Various methods exist for detecting FIB etch endpoints. Presently, the most common method is observation of the secondary electron yield, or the electrons ejected. The secondary yield is usually manifested as a contrast in the image formed from the secondary electrons (higher electron counts per unit time typically yield greater contrasts). As there is a significant difference in the electron yield between conductors, such as copper and aluminum relative to dielectrics, the endpoint of a certain milling/etching operation can be determined from observing the resulting live image. An offshoot technique is monitoring the secondary ion yield, or the ions ejected. The aforementioned methods may be suitable for surface milling, but on advanced integrated circuits with several metal layers, the relatively high aspect ratios of the complex edits can make it very difficult to obtain sufficient image contrast for precise endpoint detection.
On some FIBs, end-point detection is performed through the addition of an Auger, SIMS (Secondary Ion Mass Spectroscopy), or EDX (Energy Dispersive X-ray) detector to monitor material changes. This practice generally necessitates the use of another port on the FIB for each of these detectors. As ports are generally limited on FIBs and may be needed for other operations, port availability can often be an issue. End-point determination can also be performed by monitoring the substrate current as a function of the milling process. When milling silicon wafers with an FIB, the wafer backside is generally grounded to a stage within the apparatus, so measuring the current passing through the stage can generally give an accurate representation of the substrate current. When the ion beam impacts the surface of the device, a charge build-up occurs when dielectric materials are struck. When the milling reaches a conductive material, the charge is largely dissipated through the substrate. By monitoring the current through the substrate, one can determine if a conductive material has been reached. Alternatively, with packaged devices, the leads on the chip may be shorted to the stage and the total lead current is thus monitored.

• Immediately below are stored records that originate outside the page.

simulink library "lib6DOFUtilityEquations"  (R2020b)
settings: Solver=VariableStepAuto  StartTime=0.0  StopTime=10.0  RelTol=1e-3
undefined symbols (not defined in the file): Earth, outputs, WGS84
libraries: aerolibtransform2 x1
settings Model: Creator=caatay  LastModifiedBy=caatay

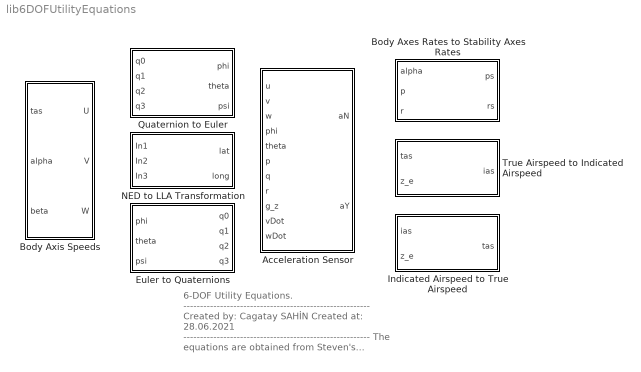
== system lib6DOFUtilityEquations ==
  note: 6-DOF Utility Equations.
      | --------------------------------------------------------
      | Created by: Cagatay SAHİN
      | Created at: 28.06.2021
      | --------------------------------------------------------
      | The equations are obtained from
      | Steven's textbook.
      | The reference book can be found in
      | "references folder".
      | --------------------------------------------------------
      | for question:
      | cagataysahin44@gmail.com
  Acceleration Sensor : Subsystem  mask(EOM Models - Utility Equations - Acceleration Sensor){}
      mask help: This block calculates acceleration information in SI Units.
      mask Help:
      | This block can calculate aircaft's acceleration data with using force and weight information
      | -------------------------------------------------------------------------------------------------------------------------------------------------
      | Inputs of this block:
      | 	u: X-Axis body speed (ft/sec)
      | 	v: Y-Axis body speed (ft/sec)
      | 	w: Z-Axis body speed (ft/sec)
      | 	phi: Roll Angle (rad)
      | 	theta: Pitch Angle (rad)
      | 	p: Body axis roll rate (ft/sec^2)
      | 	q: Body axis pitch rate (ft/sec^2)
      | 	r: Body axis yaw rate (ft/sec^2)
      | 	g_z: Z-Axis gravitional force (ft/sec^2)
      | 	vDot: Derivative of Y-Axis Body Speed (ft/sec^2)
      | 	wDot : Derivative of Z-Axis Body Speed (ft/sec^2)
      | Outputs of this block:
      | 	Aircraft acceleration: Z and Y acceleration [ft/sec^2].
      | -------------------------------------------------------------------------------------------------------------------------------------------------
      | Equations that in this block can be found in Steven's textbook. This textbook is in "literature" subfolder.
      | for question: "cagataysahin44@gmail.com".
      mask Display:
      | port_label('input',1,'u','texmode','on');
      | port_label('input',2,'v','texmode','on');
      | port_label('input',3,'w','texmode','on');
      | port_label('input',4,'\phi','texmode','on');
      | port_label('input',5,'\theta','texmode','on');
      | port_label('input',6,'p','texmode','on');
      | port_label('input',7,'q','texmode','on');
      | port_label('input',8,'r','texmode','on');
      | port_label('input',9,'g_{z}','texmode','on');
      | port_label('input',10,'v_{der}','texmode','on');
      | port_label('input',11,'w_{der}','texmode','on');
      | 
      | port_label('output',1,'a_{N}','texmode','on');
      | port_label('output',2,'a_{Y}','texmode','on');
  Body Axes Rates to Stability Axes Rates : Subsystem  mask(EOM Model - Utility Equations - Body Axes Rates to Stability Axes Rates){}
      mask help: Aircraft's stability axes angular rates calculation with using body axes angular rates and wind parameters alpha.
      mask Help:
      | This block can calculate aircaft's stability axes angular rates with using state information
      | -------------------------------------------------------------------------------------------------------------------------------------------------
      | Inputs of this block:
      | 	alpha: Angle of attack (rad).
      | 	p: Body axis roll rate (rad/s).
      | 	r: Body axis yaw rate (rad/s):
      | Outputs of this block:
      | 	p_s: Stability axis roll rate (rad/s).
      | 	r_s: Stabiltiy axis yaw rate (rad/s).
      | -------------------------------------------------------------------------------------------------------------------------------------------------
      | Equations that in this block can be found in Steven's textbook. This textbook is in "literature" subfolder.
      | for question: "cagataysahin44@gmail.com".
      mask Display:
      | port_label('input',1,'\alpha','texmode','on');
      | port_label('input',2,'p','texmode','on');
      | port_label('input',3,'r','texmode','on');
      | 
      | port_label('output',1,'p_{s}','texmode','on');
      | port_label('output',2,'r_{s}','texmode','on');
  Body Axis Speeds : Subsystem  mask(EOM Model - Utility Equations - Wind Paramaters to Body Axis Speeds.){}
      mask help: To Convert aircaft's wind parameters to body axis speeds which is coordinate transfer.
      mask Help:
      | This block can calculate aircaft's body axis speed which transforming wind axis coordinate to body axis coordinate.
      | -------------------------------------------------------------------------------------------------------------------------------------------------
      | Inputs of this block:
      | 	Wind Axis Params: Tas, AoA, AoS [ft/sec, rad].
      | Outputs of this block:
      | 	Body Axis Speeds: U, V, W body axis speeds [ft/sec].
      | -------------------------------------------------------------------------------------------------------------------------------------------------
      | Equations that in this block can be found in Steven's textbook. This textbook is in "literature" subfolder.
      | for question: "cagataysahin44@gmail.com".
      mask Display:
      | port_label('input',1,'V_{tas}','texmode','on');
      | port_label('input',2,'\alpha','texmode','on');
      | port_label('input',3,'\beta','texmode','on');
      | 
      | port_label('output',1,'U','texmode','on');
      | port_label('output',2,'V','texmode','on');
      | port_label('output',3,'W','texmode','on');
  Euler to Quaternions : Subsystem  mask(EOM Model - Utility Equations - Euler Angle to Quaternion Angle Transformation){}
      mask help: This function converts euler angles to quaternion angles.
      mask Help:
      | This block can transform euler angles to quaternion angles.
      | -------------------------------------------------------------------------------------------------------------------------------------------------
      | Inputs of this block:
      | 	Euler angles [rad].
      | Outputs of this block:
      | 	Quaternion angles [rad].
      | -------------------------------------------------------------------------------------------------------------------------------------------------
      | Equations that in this block can be found in Steven's textbook. This textbook is in "literature" subfolder.
      | for question: "cagataysahin44@gmail.com".
      mask Display:
      | port_label('input',1,'\phi','texmode','on');
      | port_label('input',2,'\theta','texmode','on');
      | port_label('input',3,'\psi','texmode','on');
      | 
      | port_label('output',1,'q_{0}','texmode','on');
      | port_label('output',2,'q_{1}','texmode','on');
      | port_label('output',3,'q_{2}','texmode','on');
      | port_label('output',4,'q_{3}','texmode','on');
  Indicated Airspeed to True Airspeed : Subsystem  mask(EOM Models - Utility Equations - IAS to TAS Conversion){}
      mask help: Aircraft's Lo-Fi True Airspeed calculation with using altitude and indicated airspeed information.
      mask Help:
      | This block can calculate aircaft's true airspeed with using state information.
      | -------------------------------------------------------------------------------------------------------------------------------------------------
      | Inputs of this block:
      | 	V_ias: Indicated airspeed (ft/sec)
      | 	z_e: Altitude (ft)
      | Outputs of this block:
      | 	V_tas: True airspeed (ft/sec)
      | -------------------------------------------------------------------------------------------------------------------------------------------------
      | Equations that in this block can be found in Steven's textbook. This textbook is in "literature" subfolder.
      | for question: "cagataysahin44@gmail.com".
      mask Display:
      | port_label('input',1,'V_{ias}','texmode','on');
      | port_label('input',2,'z_{e}','texmode','on');
      | 
      | port_label('output',1,'V_{tas}','texmode','on');
  NED to LLA Transformation : Subsystem  mask(EOM Model - Utility Equations -  NED tol LLA Transformation Model){}
      mask help: This function converts ned position variables (x,y,z) into lla (latitude, longitude, altitude) parameters.
      mask Help:
      | This block can transform North,East,Down values to Lattitude and Longitude angles.
      | -------------------------------------------------------------------------------------------------------------------------------------------------
      | Inputs of this block:
      | 	ned: North, East, Down values (ft).
      | Outputs of this block:
      | 	LLA: Latitude, Longitude (deg).
      | -------------------------------------------------------------------------------------------------------------------------------------------------
      | Equations that in this block can be found in Steven's textbook. This textbook is in "literature" subfolder.
      | for question: "cagataysahin44@gmail.com".
      mask Display:
      | port_label('input',1,'x_{e}','texmode','on');
      | port_label('input',2,'y_{e}','texmode','on');
      | port_label('input',3,'e_{e}','texmode','on');
      | 
      | port_label('output',1,'\mu','texmode','on');
      | port_label('output',2,'l','texmode','on');
  Quaternion to Euler : Subsystem  mask(EOM Model - Utility Equations -  Quaternion Angle to Euler Angle Transformation){}
      mask help: This function converts quaternion angles to euler angles.
      mask Help:
      | This block can transform quaternion angles to euler angles.
      | -------------------------------------------------------------------------------------------------------------------------------------------------
      | Inputs of this block:
      | 	Quaternion angles [rad].
      | Outputs of this block:
      | 	Euler angles [rad].
      | -------------------------------------------------------------------------------------------------------------------------------------------------
      | Equations that in this block can be found in Steven's textbook. This textbook is in "literature" subfolder.
      | for question: "cagataysahin44@gmail.com".
      mask Display:
      | port_label('output',1,'\phi','texmode','on');
      | port_label('output',2,'\theta','texmode','on');
      | port_label('output',3,'\psi','texmode','on');
      | 
      | port_label('input',1,'q_{0}','texmode','on');
      | port_label('input',2,'q_{1}','texmode','on');
      | port_label('input',3,'q_{2}','texmode','on');
      | port_label('input',4,'q_{3}','texmode','on');
  True Airspeed to Indicated Airspeed : Subsystem  mask(EOM Models - Utility Equations - TAS to IAS Conversion){}
      mask help: Aircraft's Lo-Fi Indicated Airspeed calculation with using altitude and true airspeed information.
      mask Help:
      | This block can calculate aircaft's indicated airspeed with using state information.
      | -------------------------------------------------------------------------------------------------------------------------------------------------
      | Inputs of this block:
      | 	V_tas: True airspeed (ft/sec)
      | 	z_e: Altitude (ft)
      | Outputs of this block:
      | 	V_ias: Indicated airspeed (ft/sec)
      | -------------------------------------------------------------------------------------------------------------------------------------------------
      | Equations that in this block can be found in Steven's textbook. This textbook is in "literature" subfolder.
      | for question: "cagataysahin44@gmail.com".
      mask Display:
      | port_label('input',1,'V_{tas}','texmode','on');
      | port_label('input',2,'z_{e}','texmode','on');
      | 
      | port_label('output',1,'V_{ias}','texmode','on');

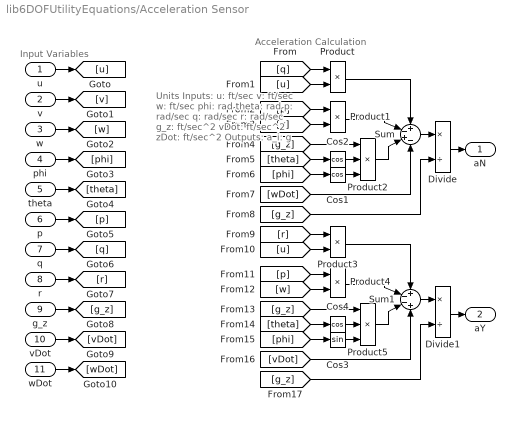
== system lib6DOFUtilityEquations/Acceleration Sensor ==
  note: Acceleration Calculation
  note: Input Variables
  note: Units
      | Inputs:
      | u: ft/sec
      | v: ft/sec
      | w: ft/sec
      | phi: rad
      | theta: rad
      | p: rad/sec
      | q: rad/sec
      | r: rad/sec
      | g_z: ft/sec^2
      | vDot: ft/sec^2
      | zDot: ft/sec^2
      | Outputs:
      | a_i: g
  u : Inport
  v : Inport  Port=2
  w : Inport  Port=3
  phi : Inport  Port=4
  theta : Inport  Port=5
  p : Inport  Port=6
  q : Inport  Port=7
  r : Inport  Port=8
  g_z : Inport  Port=9
  vDot : Inport  Port=10
  wDot : Inport  Port=11
  Cos1 : Trigonometry  Operator=cos
  Cos2 : Trigonometry  Operator=cos
  Cos3 : Trigonometry
  Cos4 : Trigonometry  Operator=cos
  Divide : Product  Inputs=*/
  Divide1 : Product  Inputs=*/
  Product{,1,3..4} (4 alike) : Product
  Product2 : Product  Inputs=3
  Product5 : Product  Inputs=3
  Sum : Sum  Inputs=+-+-
  Sum1 : Sum  Inputs=+--+
  aN : Outport
  aY : Outport  Port=2
  wires:
  u/1 -> [u]
  v/1 -> [v]
  theta/1 -> [theta]
  phi/1 -> [phi]
  w/1 -> [w]
  p/1 -> [p]
  q/1 -> [q]
  r/1 -> [r]
  wDot/1 -> [wDot]
  vDot/1 -> [vDot]
  g_z/1 -> [g_z]
  [q] -> Product/1
  [u] -> Product/2
  [p] -> Product1/1
  [v] -> Product1/2
  [theta] -> Cos2/1
  [phi] -> Cos1/1
  [g_z] -> Product2/1
  Cos2/1 -> Product2/2
  Cos1/1 -> Product2/3
  [wDot] -> Sum/4
  Product1/1 -> Sum/2
  Product/1 -> Sum/1
  Product2/1 -> Sum/3
  [g_z] -> Divide/2
  Sum/1 -> Divide/1
  Divide/1 -> aN/1
  [w] -> Product4/2
  Divide1/1 -> aY/1
  Cos4/1 -> Product5/2
  Cos3/1 -> Product5/3
  Sum1/1 -> Divide1/1
  [phi] -> Cos3/1
  Product4/1 -> Sum1/2
  [r] -> Product3/1
  Product5/1 -> Sum1/3
  [u] -> Product3/2
  [g_z] -> Product5/1
  [vDot] -> Sum1/4
  Product3/1 -> Sum1/1
  [p] -> Product4/1
  [g_z] -> Divide1/2
  [theta] -> Cos4/1

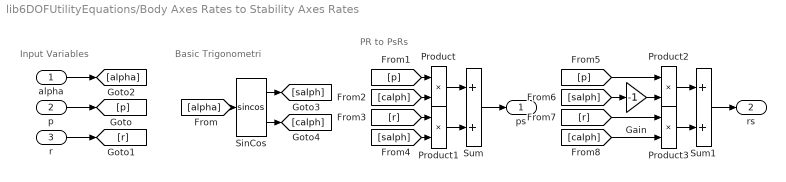
== system lib6DOFUtilityEquations/Body Axes Rates to Stability Axes Rates ==
  note: Basic Trigonometri
  note: Input Variables
  note: PR to PsRs
  alpha : Inport
  p : Inport  Port=2
  r : Inport  Port=3
  Gain : Gain  Gain=-1
  Product{,1..3} (4 alike) : Product
  SinCos : Trigonometry  Operator=sincos
  Sum : Sum
  Sum1 : Sum
  ps : Outport
  rs : Outport  Port=2
  wires:
  r/1 -> [r]
  p/1 -> [p]
  alpha/1 -> [alpha]
  [alpha] -> SinCos/1
  SinCos/1 -> [salph]
  SinCos/2 -> [calph]
  [calph] -> Product/2
  [p] -> Product/1
  [r] -> Product1/1
  [salph] -> Product1/2
  Product1/1 -> Sum/2
  Product/1 -> Sum/1
  Sum/1 -> ps/1
  Product2/1 -> Sum1/1
  [calph] -> Product3/2
  [salph] -> Gain/1
  [p] -> Product2/1
  Product3/1 -> Sum1/2
  Sum1/1 -> rs/1
  [r] -> Product3/1
  Gain/1 -> Product2/2

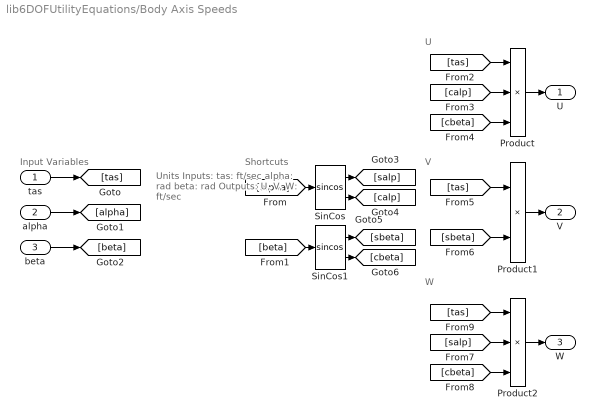
== system lib6DOFUtilityEquations/Body Axis Speeds ==
  note: V
  note: Shortcuts
  note: Input Variables
  note: Units
      | Inputs:
      | tas: ft/sec
      | alpha: rad
      | beta: rad
      | Outputs:
      | U, V, W: ft/sec
  note: U
  note: W
  "tas " : Inport
  alpha : Inport  Port=2
  beta : Inport  Port=3
  Product : Product  Inputs=3
  Product1 : Product
  Product2 : Product  Inputs=3
  SinCos : Trigonometry  Operator=sincos
  SinCos1 : Trigonometry  Operator=sincos
  U : Outport  VectorParamsAs1DForOutWhenUnconnected=off
  V : Outport  Port=2  VectorParamsAs1DForOutWhenUnconnected=off
  W : Outport  Port=3  VectorParamsAs1DForOutWhenUnconnected=off
  wires:
  alpha/1 -> [alpha]
  beta/1 -> [beta]
  "tas "/1 -> [tas]
  [alpha] -> SinCos/1
  [beta] -> SinCos1/1
  SinCos/1 -> [salp]
  SinCos/2 -> [calp]
  SinCos1/1 -> [sbeta]
  SinCos1/2 -> [cbeta]
  [cbeta] -> Product/3
  [calp] -> Product/2
  [tas] -> Product/1
  Product/1 -> U/1
  [tas] -> Product1/1
  [sbeta] -> Product1/2
  Product1/1 -> V/1
  Product2/1 -> W/1
  [salp] -> Product2/2
  [cbeta] -> Product2/3
  [tas] -> Product2/1

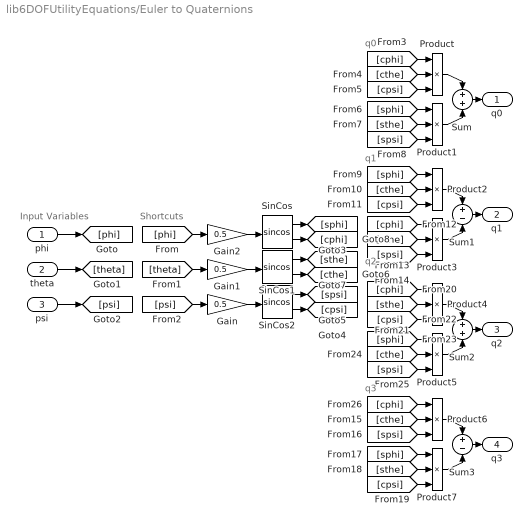
== system lib6DOFUtilityEquations/Euler to Quaternions ==
  note: q0
  note: Shortcuts
  note: Input Variables
  note: q1
  note: q3
  note: q2
  phi : Inport
  theta : Inport  Port=2
  psi : Inport  Port=3
  Gain : Gain  Gain=0.5
  Gain1 : Gain  Gain=0.5
  Gain2 : Gain  Gain=0.5
  Product{,1..7} (8 alike) : Product  Inputs=3
  SinCos : Trigonometry  Operator=sincos
  SinCos1 : Trigonometry  Operator=sincos
  SinCos2 : Trigonometry  Operator=sincos
  Sum : Sum
  Sum1 : Sum  Inputs=+-
  Sum2 : Sum
  Sum3 : Sum  Inputs=+-
  q0 : Outport  VectorParamsAs1DForOutWhenUnconnected=off
  q1 : Outport  Port=2  VectorParamsAs1DForOutWhenUnconnected=off
  q2 : Outport  Port=3  VectorParamsAs1DForOutWhenUnconnected=off
  q3 : Outport  Port=4  VectorParamsAs1DForOutWhenUnconnected=off
  wires:
  phi/1 -> [phi]
  theta/1 -> [theta]
  psi/1 -> [psi]
  [psi] -> Gain/1
  [theta] -> Gain1/1
  [phi] -> Gain2/1
  Gain2/1 -> SinCos/1
  Gain1/1 -> SinCos1/1
  Gain/1 -> SinCos2/1
  SinCos/1 -> [sphi]
  SinCos2/2 -> [cpsi]
  SinCos2/1 -> [spsi]
  SinCos1/2 -> [cthe]
  SinCos1/1 -> [sthe]
  SinCos/2 -> [cphi]
  [cphi] -> Product/1
  [cthe] -> Product/2
  [cpsi] -> Product/3
  [sthe] -> Product1/2
  [spsi] -> Product1/3
  [sphi] -> Product1/1
  Product1/1 -> Sum/2
  Product/1 -> Sum/1
  Sum/1 -> q0/1
  Sum1/1 -> q1/1
  [cthe] -> Product2/2
  [sphi] -> Product2/1
  Product2/1 -> Sum1/1
  [sthe] -> Product3/2
  Product3/1 -> Sum1/2
  [cphi] -> Product3/1
  [cpsi] -> Product2/3
  Product5/1 -> Sum2/2
  Product6/1 -> Sum3/1
  [sphi] -> Product7/1
  [spsi] -> Product6/3
  Product7/1 -> Sum3/2
  [cphi] -> Product6/1
  Sum3/1 -> q3/1
  [sthe] -> Product4/2
  [cphi] -> Product4/1
  Product4/1 -> Sum2/1
  [cthe] -> Product5/2
  [spsi] -> Product5/3
  [sthe] -> Product7/2
  Sum2/1 -> q2/1
  [cthe] -> Product6/2
  [sphi] -> Product5/1
  [cpsi] -> Product4/3
  [cpsi] -> Product7/3
  [spsi] -> Product3/3

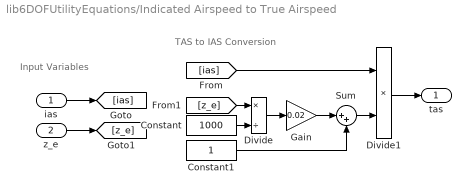
== system lib6DOFUtilityEquations/Indicated Airspeed to True Airspeed ==
  note: TAS to IAS Conversion
  note: Input Variables
  ias : Inport
  z_e : Inport  Port=2
  Constant : Constant  Value=1000
  Constant1 : Constant
  Divide : Product  Inputs=*/
  Divide1 : Product  Inputs=**
  Gain : Gain  Gain=0.02
  Sum : Sum  Inputs=|++
  tas : Outport
  wires:
  z_e/1 -> [z_e]
  ias/1 -> [ias]
  Divide1/1 -> tas/1
  [z_e] -> Divide/1
  Constant/1 -> Divide/2
  Divide/1 -> Gain/1
  Gain/1 -> Sum/1
  Sum/1 -> Divide1/2
  Constant1/1 -> Sum/2
  [ias] -> Divide1/1

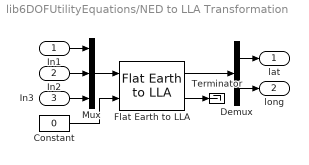
== system lib6DOFUtilityEquations/NED to LLA Transformation ==
  In1 : Inport
  In2 : Inport  Port=2
  In3 : Inport  Port=3
  Constant : Constant  Value=0
  Demux : Demux  Outputs=2
  Flat Earth to LLA : aerolibtransform2/Flat Earth to LLA  units=Metric (MKS)  ptype=Earth (WGS84)  F=1/298.257223563  R=6378137  refPosPort=off  LL0=[outputs.trim.states.lat outputs.trim.states.long]  psi=0
  Mux : Mux  Inputs=3
  Terminator : Terminator
  lat : Outport
  long : Outport  Port=2
  wires:
  In2/1 -> Mux/2
  In1/1 -> Mux/1
  In3/1 -> Mux/3
  Mux/1 -> Flat Earth to LLA/1
  Constant/1 -> Flat Earth to LLA/2
  Flat Earth to LLA/2 -> Terminator/1
  Flat Earth to LLA/1 -> Demux/1
  Demux/1 -> lat/1
  Demux/2 -> long/1

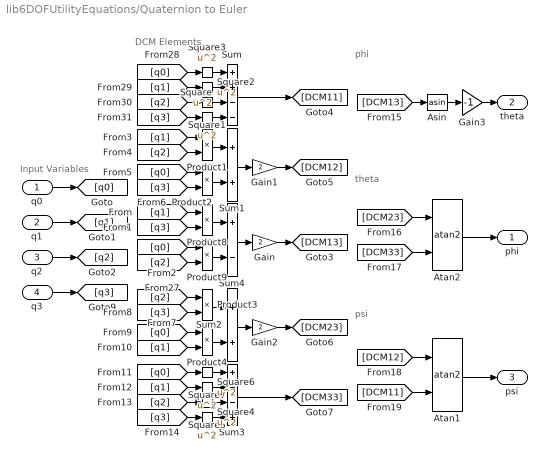
== system lib6DOFUtilityEquations/Quaternion to Euler ==
  note: phi
  note: DCM Elements
  note: Input Variables
  note: theta
  note: psi
  q0 : Inport
  q1 : Inport  Port=2
  q2 : Inport  Port=3
  q3 : Inport  Port=4
  Asin : Trigonometry  Operator=asin
  Atan1 : Trigonometry  Operator=atan2
  Atan2 : Trigonometry  Operator=atan2
  Gain : Gain  Gain=2
  Gain1 : Gain  Gain=2
  Gain2 : Gain  Gain=2
  Gain3 : Gain  Gain=-1
  Product{1..4,8..9} (6 alike) : Product
  Square{,1..7} (8 alike) : Math  Operator=square  SignedPower=on  SaturateOnIntegerOverflow=on
  Sum : Sum  Inputs=++--
  Sum1 : Sum
  Sum2 : Sum
  Sum3 : Sum  Inputs=+--+
  Sum4 : Sum  Inputs=+-
  phi : Outport  VectorParamsAs1DForOutWhenUnconnected=off
  theta : Outport  Port=2  VectorParamsAs1DForOutWhenUnconnected=off
  psi : Outport  Port=3  VectorParamsAs1DForOutWhenUnconnected=off
  wires:
  q1/1 -> [q1]
  q2/1 -> [q2]
  q0/1 -> [q0]
  q3/1 -> [q3]
  [q1] -> Product8/1
  [q2] -> Product9/2
  [q0] -> Product9/1
  [q3] -> Product8/2
  Product9/1 -> Sum4/2
  Product8/1 -> Sum4/1
  Sum4/1 -> Gain/1
  Gain/1 -> [DCM13]
  [q2] -> Square1/1
  Sum/1 -> [DCM11]
  [q3] -> Square/1
  [q0] -> Square3/1
  [q1] -> Square2/1
  Square/1 -> Sum/4
  Square1/1 -> Sum/3
  Square2/1 -> Sum/2
  Square3/1 -> Sum/1
  [q0] -> Product2/1
  Sum1/1 -> Gain1/1
  Gain1/1 -> [DCM12]
  Product2/1 -> Sum1/2
  [q3] -> Product2/2
  Product1/1 -> Sum1/1
  [q1] -> Product1/1
  [q2] -> Product1/2
  [q0] -> Product4/1
  Sum2/1 -> Gain2/1
  Gain2/1 -> [DCM23]
  Product4/1 -> Sum2/2
  [q1] -> Product4/2
  Product3/1 -> Sum2/1
  [q2] -> Product3/1
  [q3] -> Product3/2
  [q3] -> Square4/1
  Square6/1 -> Sum3/2
  [q1] -> Square6/1
  Sum3/1 -> [DCM33]
  Square5/1 -> Sum3/3
  Square4/1 -> Sum3/4
  [q2] -> Square5/1
  [q0] -> Square7/1
  Square7/1 -> Sum3/1
  Asin/1 -> Gain3/1
  Gain3/1 -> theta/1
  Atan1/1 -> psi/1
  Atan2/1 -> phi/1
  [DCM13] -> Asin/1
  [DCM23] -> Atan2/1
  [DCM33] -> Atan2/2
  [DCM12] -> Atan1/1
  [DCM11] -> Atan1/2

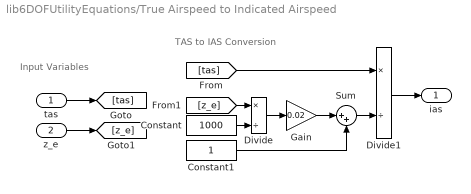
== system lib6DOFUtilityEquations/True Airspeed to Indicated Airspeed ==
  note: TAS to IAS Conversion
  note: Input Variables
  tas : Inport
  z_e : Inport  Port=2
  Constant : Constant  Value=1000
  Constant1 : Constant
  Divide : Product  Inputs=*/
  Divide1 : Product  Inputs=*/
  Gain : Gain  Gain=0.02
  Sum : Sum  Inputs=|++
  ias : Outport
  wires:
  tas/1 -> [tas]
  z_e/1 -> [z_e]
  Constant/1 -> Divide/2
  [z_e] -> Divide/1
  Divide/1 -> Gain/1
  Gain/1 -> Sum/1
  Constant1/1 -> Sum/2
  Sum/1 -> Divide1/2
  [tas] -> Divide1/1
  Divide1/1 -> ias/1

Yet another end point determination method involves using a voltage contrast feature of FIBs to identify active conductors. Applying a voltage to the conductive layer of interest greatly impacts the secondary yield, and thereby changes the image contrast. The secondary emission characteristics for a conductor tied to ground vary significantly when compared to a conductor at a different potential. This variation produces a passive voltage contrast in the image. Active voltage contrast can be obtained by toggling the voltage on the conductor of interest. When modifying a packaged device, the voltages may be applied via an external package lead that is interconnected with the layer of interest. However, provide a wired connection can be a difficult task to achieve when modifying a wafer, i.e., a device that is not packaged. Applying a voltage directly to the layer of interest within a wafer is much more complicated.
Recently, there have been inventions and papers discussing the automation of the endpointing technique to stop the edit process at the desired level. Despite recent advancements, endpoint detection is still one of the most difficult steps in device modification and is often the reason for failures in the FIB edit and modification process. As devices continue to increase in complexity and number of layers, successful endpoint detection will become even more difficult to achieve. A more precise method of endpoint detection is therefore desired.